Teachers can utilize different digital whiteboard resources as part of larger activities to get learners working on a particular problem set, brainstorm ideas regarding a topic, or even have them present on a topic themselves through a whiteboard demonstration. Washington State University has noted that regardless of the activity conducted, the fostering of an engaging and collaborative environment can help increase learners’ critical-level thinking and further reinforce their attention and focus on the subject.

2. Keep records and session notes

With most classes, you’re likely going to be covering many different topics given the scope and breadth of the course. The good thing about working with a digital whiteboard is you can leverage its virtual nature by looking for ways to improve your teaching or by your learners who are looking to memorize a topic better with a rewatch.

You can even fully record a class for asynchronous teaching so that learners can learn auxiliary topics that might not need to take up live teaching time but you believe can help support certain topics that will need a little more context and instruction. Brown College even sees this tactic as practicing more inclusive teaching methods, understanding that every learner has different ways of learning and contexts that might hinder their ability to participate in a live-learning capacity.

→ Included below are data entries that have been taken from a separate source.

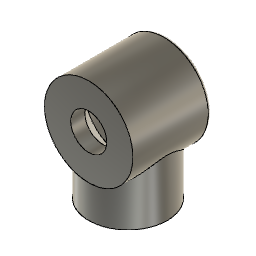
End_Cap_Bolt_CS_Glue v1 (Autodesk Fusion 360 design; units mm, degrees)
Autodesk Fusion 360 part; units mm, degrees
sketch "Sketch1" plane through (0, 0, 0) normal (0, 1, 0) x (1, 0, 0)
  circle A0 centre (0, 0) radius 6.75
  circle A1 centre (0, 0) radius 2.6
  circle A2 centre (0, 0) radius 4.95
  dimension "d1" = 13.5
  dimension "d2" = 5.2
  dimension "d3" = 9.9
  constraint coincident A0.centre A1.centre
  constraint concentric A0 A2
  measures "d1" diameter of A0
  measures "d2" diameter of A1
  measures "d3" diameter of A2
extrude "Extrude1" add sketch "Sketch1" along normal blind 3 contours A0 | A2 makes body 1
extrude "Extrude2" add sketch "Sketch1" along normal blind 12 contours A0 bodies 1
ref_plane "WorkPlane1" through (0, 6.3566, 6.75) normal (0, 0, 1) x (-1, 0, 0)
ref_plane "WorkPlane2" through (0, 2.5583, -6.75) normal (0, 0, -1) x (1, 0, 0)
sketch "Sketch2" plane through (0, 0, 6.75) normal (0, 0, 1) x (1, 0, 0)
  line L0 (6.75, 0) -> (-6.75, 0)
  line L1 (4.95, 3) -> (-4.95, 3)
  circle A0 centre (0.0072, 6) radius 3.937
  line L2 (6.75, 12) -> (-6.75, 12)
  line L3 (-4.95, 12) -> (4.95, 12)
  point P0 (0.0082, 6.3929)
  point P1 (0.0072, 6)
  dimension "d14" = 6
  dimension "d15" = 7.874
  constraint coincident P0
  constraint coincident P1
  constraint coincident P1 A0.centre
  measures "d14" distance of L0 P1
  measures "d15" diameter of A0
sketch "Sketch3" plane through (0, 0, -6.75) normal (0, 0, -1) x (-1, 0, 0)
  line L0 (6.75, 0) -> (-6.75, 0)
  circle A0 centre (0, 6) radius 4.6
  circle A1 centre (0, 6) radius 6
  line L1 (6.75, 11.4938) -> (-6.75, 11.4938)
  point P0 (0, 6)
  dimension "d16" = 6
  dimension "d17" = 9.2
  dimension "d18" = 12
  constraint coincident P0 A0.centre
  constraint concentric A0 A1
  measures "d16" distance of L0 P0
  measures "d17" diameter of A0
  measures "d18" diameter of A1
extrude "Extrude3" add sketch "Sketch3" along normal blind 5 separate body contours A1 L1 picked at (0.1146, 11.1916) makes body 2
extrude "Extrude4" add 1 faces at (-0.1146, 11.1916, -6.75) along direction (0, 0, 1) blind 4 on bodies 2 bodies 2 1
sketch "Sketch4" plane through (0, 12, 0) normal (0, 1, 0) x (-1, 0, 0)
  circle A0 centre (0, 0) radius 4.95
  circle A1 centre (0, 0) radius 6.75
extrude "Extrude5" cut sketch "Sketch4" against normal up to surface (9 mm away) contours A0 bodies 2
extrude "Extrude6" add 3 faces at (2.6875, 3, -2.9182) (-3.708, 3, -3.0137) (3.708, 3, -3.0137) along direction (0, 1, 0) blind 2 on bodies 2 bodies 2
sketch "Sketch5" plane through (0, 5, 0) normal (0, 1, 0) x (-1, 0, 0)
  circle A0 centre (0, 0) radius 2.6
  circle A1 centre (0, 0) radius 4.95
  constraint coincident A0.centre A1.centre
hole "Hole1" at (0, 5, 0) direction (0, -1, 0) diameter 5.5 depth 25.5 tip angle 118 countersink diameter 11.2 countersink angle 90 bodies 2
sketch "Sketch6" plane through (0, 12, 0) normal (0, 1, 0) x (-1, 0, 0)
  circle A0 centre (0, 0) radius 4.95
  circle A1 centre (0, 0) radius 6.75
  circle A2 centre (0, 0) radius 5.6
  dimension "d36" = 11.2
  constraint coincident A0.centre A1.centre
  measures "d36" diameter of A2
extrude "Extrude7" cut sketch "Sketch6" against normal blind 7 contours A2 bodies 2
fillet "Fillet3" radius 0.5 1 edges at (5.221, 12, 2.025) on bodies 2
fillet "Fillet3" radius 0.5 1 edges at (-6.2932, 12, 2.4409) on bodies 2
equation "d15 = ( 25.4 * 0.31 ) * 1 mm"

3. Stay focused and creative

When you use a digital whiteboard, you might be easily overwhelmed by the plethora of options available to you. Narrow down your scope by ensuring that the teaching facilitator sets up the whiteboard with an agenda, meeting goals, or brainstorming guidelines. Choose from templates for things like class projects, concept reviews, and learning activities. Design your board from backgrounds like grids, lines, solid colors, or even photos that you believe can help your learners better engage with the material being taught.

For more brainstorming types of teaching sessions, it’s important to create an inviting place for ideas, whether you’re working with new learners to determine their top interests in terms of learning outcomes or simply trying to see where their understanding is currently at with a specific topic. Start with a blank slate or a few images for inspiration, then write down suggestions. Since it’s a digtal whiteboard, you will never run out of room.

What’s more is that if you truly are stuck in a creative rut as a learning facilitator, you can always leverage the expertise of others through many different templates inspired by proven methods. Digital whiteboards are easily shareable, and that has caused an entire space for people to begin sharing what they believe can be good templates for you to use when tackling specific topics. You can then edit these templates how you see fit so that it works better within your specific context.